--- /dev/null
+From 8ef35c866f8862df074a49a93b0309725812dea8 Mon Sep 17 00:00:00 2001
+From: Theodore Ts'o <tytso@mit.edu>
+Date: Wed, 11 Apr 2018 15:23:56 -0400
+Subject: random: set up the NUMA crng instances after the CRNG is fully initialized
+
+From: Theodore Ts'o <tytso@mit.edu>
+
+commit 8ef35c866f8862df074a49a93b0309725812dea8 upstream.
+
+Until the primary_crng is fully initialized, don't initialize the NUMA
+crng nodes. Otherwise users of /dev/urandom on NUMA systems before
+the CRNG is fully initialized can get very bad quality randomness. Of
+course everyone should move to getrandom(2) where this won't be an
+issue, but there's a lot of legacy code out there. This related to
+CVE-2018-1108.
+
+Reported-by: Jann Horn <jannh@google.com>
+Fixes: 1e7f583af67b ("random: make /dev/urandom scalable for silly...")

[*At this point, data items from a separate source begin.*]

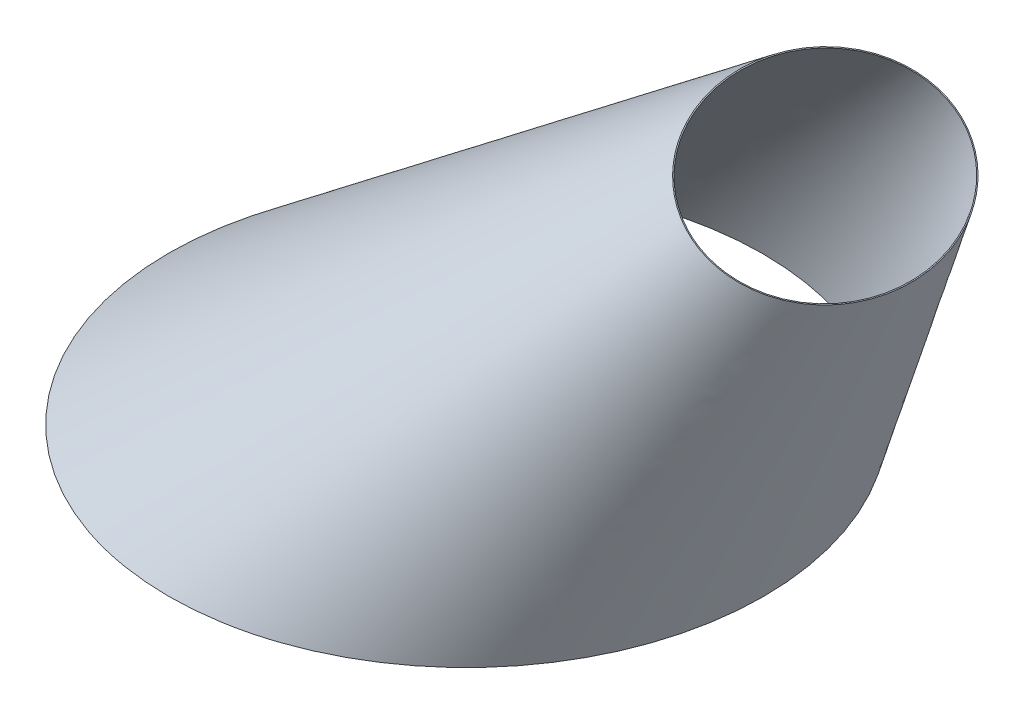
ISO-10303-21;
HEADER;
FILE_DESCRIPTION(('STEP AP214'),'2;1');
FILE_NAME('part.step','',(''),(''),'','','');
FILE_SCHEMA(('AUTOMOTIVE_DESIGN { 1 0 10303 214 1 1 1 1 }'));
ENDSEC;
DATA;
#1=APPLICATION_CONTEXT('core data for automotive mechanical design processes');
#2=APPLICATION_PROTOCOL_DEFINITION('international standard','automotive_design',2000,#1);
#3=PRODUCT_CONTEXT('',#1,'mechanical');
#4=PRODUCT('Part','Part','',(#3));
#5=PRODUCT_RELATED_PRODUCT_CATEGORY('part','',(#4));
#6=PRODUCT_DEFINITION_FORMATION('','',#4);
#7=PRODUCT_DEFINITION_CONTEXT('part definition',#1,'design');
#8=PRODUCT_DEFINITION('design','',#6,#7);
#9=PRODUCT_DEFINITION_SHAPE('','',#8);
#10=(LENGTH_UNIT() NAMED_UNIT(*) SI_UNIT(.MILLI.,.METRE.));
#11=(NAMED_UNIT(*) PLANE_ANGLE_UNIT() SI_UNIT($,.RADIAN.));
#12=(NAMED_UNIT(*) SI_UNIT($,.STERADIAN.) SOLID_ANGLE_UNIT());
#13=UNCERTAINTY_MEASURE_WITH_UNIT(LENGTH_MEASURE(1.E-05),#10,'distance_accuracy_value','');
#14=(GEOMETRIC_REPRESENTATION_CONTEXT(3) GLOBAL_UNCERTAINTY_ASSIGNED_CONTEXT((#13)) GLOBAL_UNIT_ASSIGNED_CONTEXT((#10,
#11,#12)) REPRESENTATION_CONTEXT('',''));
#15=CARTESIAN_POINT('',(0.,0.,0.));
#16=DIRECTION('',(0.,0.,1.));
#17=DIRECTION('',(1.,0.,0.));
#18=AXIS2_PLACEMENT_3D('',#15,#16,#17);
#19=CARTESIAN_POINT('',(275.60333698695,448.422726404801,1984.23926521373));
#20=DIRECTION('',(0.499999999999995,0.866025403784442,0.));
#21=DIRECTION('',(-0.866025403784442,0.499999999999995,0.));
#22=AXIS2_PLACEMENT_3D('',#19,#20,#21);
#23=PLANE('',#22);
#24=CARTESIAN_POINT('',(347.787600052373,406.747122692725,125.679804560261));
#25=CARTESIAN_POINT('',(347.243522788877,407.061245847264,125.545183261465));
#26=CARTESIAN_POINT('',(346.700856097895,407.374554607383,125.403050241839));
#27=CARTESIAN_POINT('',(345.618617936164,407.999385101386,125.10384828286));
#28=CARTESIAN_POINT('',(345.079046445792,408.310906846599,124.946779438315));
#29=CARTESIAN_POINT('',(344.003053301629,408.932131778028,124.617864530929));
#30=CARTESIAN_POINT('',(343.466632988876,409.241834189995,124.446012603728));
#31=CARTESIAN_POINT('',(342.397453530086,409.859125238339,124.087820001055));
#32=CARTESIAN_POINT('',(341.864694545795,410.166713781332,123.90147868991));
#33=CARTESIAN_POINT('',(339.37270599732,411.605464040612,122.992983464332));
#34=CARTESIAN_POINT('',(337.437274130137,412.722886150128,122.179792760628));
#35=CARTESIAN_POINT('',(335.060130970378,414.095330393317,121.04911727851));
#36=CARTESIAN_POINT('',(334.586630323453,414.368706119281,120.81718068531));
#37=CARTESIAN_POINT('',(333.643866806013,414.913010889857,120.342094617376));
#38=CARTESIAN_POINT('',(333.174603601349,415.183940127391,120.098946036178));
#39=CARTESIAN_POINT('',(332.240501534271,415.723244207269,119.601584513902));
#40=CARTESIAN_POINT('',(331.775662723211,415.991619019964,119.347371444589));
#41=CARTESIAN_POINT('',(330.850543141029,416.525737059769,118.828081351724));
#42=CARTESIAN_POINT('',(330.390262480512,416.791480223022,118.563004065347));
#43=CARTESIAN_POINT('',(329.474841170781,417.319998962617,118.022515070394));
#44=CARTESIAN_POINT('',(329.019695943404,417.582777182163,117.747113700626));
#45=CARTESIAN_POINT('',(328.114233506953,418.105546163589,117.185961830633));
#46=CARTESIAN_POINT('',(327.663916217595,418.365536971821,116.900211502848));
#47=CARTESIAN_POINT('',(326.320444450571,419.141190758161,116.027693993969));
#48=CARTESIAN_POINT('',(325.434702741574,419.652573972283,115.425620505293));
#49=CARTESIAN_POINT('',(323.68351861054,420.663620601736,114.18246308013));
#50=CARTESIAN_POINT('',(322.818084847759,421.163279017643,113.541362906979));
#51=CARTESIAN_POINT('',(321.10873480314,422.150172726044,112.221968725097));
#52=CARTESIAN_POINT('',(320.264819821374,422.637407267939,111.5436724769));
#53=CARTESIAN_POINT('',(318.034527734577,423.925067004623,109.680014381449));
#54=CARTESIAN_POINT('',(316.668097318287,424.713975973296,108.462528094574));
#55=CARTESIAN_POINT('',(314.667084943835,425.869261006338,106.567589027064));
#56=CARTESIAN_POINT('',(314.00796087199,426.249806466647,105.924250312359));
#57=CARTESIAN_POINT('',(312.706102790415,427.001434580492,104.615753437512));
#58=CARTESIAN_POINT('',(312.063368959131,427.372517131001,103.950595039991));
#59=CARTESIAN_POINT('',(310.794465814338,428.105118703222,102.599263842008));
#60=CARTESIAN_POINT('',(310.168299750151,428.466635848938,101.913086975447));
#61=CARTESIAN_POINT('',(308.932864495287,429.1799147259,100.520801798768));
#62=CARTESIAN_POINT('',(308.32359526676,429.531676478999,99.814693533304));
#63=CARTESIAN_POINT('',(306.519333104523,430.573367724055,97.6657030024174));
#64=CARTESIAN_POINT('',(305.349728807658,431.248639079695,96.1941227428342));
#65=CARTESIAN_POINT('',(303.647381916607,432.231489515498,93.9352634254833));
#66=CARTESIAN_POINT('',(303.088649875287,432.554073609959,93.1737884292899));
#67=CARTESIAN_POINT('',(301.98838687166,433.189310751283,91.6343977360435));
#68=CARTESIAN_POINT('',(301.446855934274,433.501963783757,90.8564820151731));
#69=CARTESIAN_POINT('',(300.381175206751,434.117234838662,89.2852348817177));
#70=CARTESIAN_POINT('',(299.857021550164,434.41985509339,88.491906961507));
#71=CARTESIAN_POINT('',(298.826011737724,435.015108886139,86.890409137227));
#72=CARTESIAN_POINT('',(298.319155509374,435.307742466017,86.0822392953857));
#73=CARTESIAN_POINT('',(297.354893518,435.864459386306,84.5044484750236));
#74=CARTESIAN_POINT('',(296.896407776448,436.129166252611,83.7357071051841));
#75=CARTESIAN_POINT('',(295.994521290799,436.649870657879,82.1865398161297));
#76=CARTESIAN_POINT('',(295.551120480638,436.905868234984,81.4061139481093));
#77=CARTESIAN_POINT('',(294.243700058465,437.66070776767,79.0484212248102));
#78=CARTESIAN_POINT('',(293.402240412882,438.146524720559,77.4543753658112));
#79=CARTESIAN_POINT('',(291.780064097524,439.083088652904,74.2274734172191));
#80=CARTESIAN_POINT('',(290.999296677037,439.533864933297,72.5946512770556));
#81=CARTESIAN_POINT('',(289.497199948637,440.401100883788,69.2927752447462));
#82=CARTESIAN_POINT('',(288.775880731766,440.81755472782,67.6237152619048));
#83=CARTESIAN_POINT('',(286.686375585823,442.023931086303,62.5331442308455));
#84=CARTESIAN_POINT('',(285.409048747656,442.761396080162,59.061029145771));
#85=CARTESIAN_POINT('',(283.671617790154,443.764502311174,53.7753896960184));
#86=CARTESIAN_POINT('',(283.122088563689,444.081773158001,52.0000252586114));
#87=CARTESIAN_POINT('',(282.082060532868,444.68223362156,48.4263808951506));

+Cc: stable@kernel.org # 4.8+
+Signed-off-by: Theodore Ts'o <tytso@mit.edu>
+Signed-off-by: Greg Kroah-Hartman <gregkh@linuxfoundation.org>
+
+---
+ drivers/char/random.c | 46 +++++++++++++++++++++++++++-------------------
+ 1 file changed, 27 insertions(+), 19 deletions(-)
+
+--- a/drivers/char/random.c
++++ b/drivers/char/random.c
+@@ -787,6 +787,32 @@ static void crng_initialize(struct crng_
+ crng->init_time = jiffies - CRNG_RESEED_INTERVAL - 1;
+ }
+
++#ifdef CONFIG_NUMA
++static void numa_crng_init(void)
++{
++ int i;
++ struct crng_state *crng;
++ struct crng_state **pool;
++
++ pool = kcalloc(nr_node_ids, sizeof(*pool), GFP_KERNEL|__GFP_NOFAIL);
++ for_each_online_node(i) {
++ crng = kmalloc_node(sizeof(struct crng_state),
++ GFP_KERNEL | __GFP_NOFAIL, i);
++ spin_lock_init(&crng->lock);
++ crng_initialize(crng);
++ pool[i] = crng;
++ }
++ mb();
++ if (cmpxchg(&crng_node_pool, NULL, pool)) {
++ for_each_node(i)
++ kfree(pool[i]);
++ kfree(pool);
++ }
++}
++#else
++static void numa_crng_init(void) {}
++#endif
++
+ /*
+ * crng_fast_load() can be called by code in the interrupt service
+ * path. So we can't afford to dilly-dally.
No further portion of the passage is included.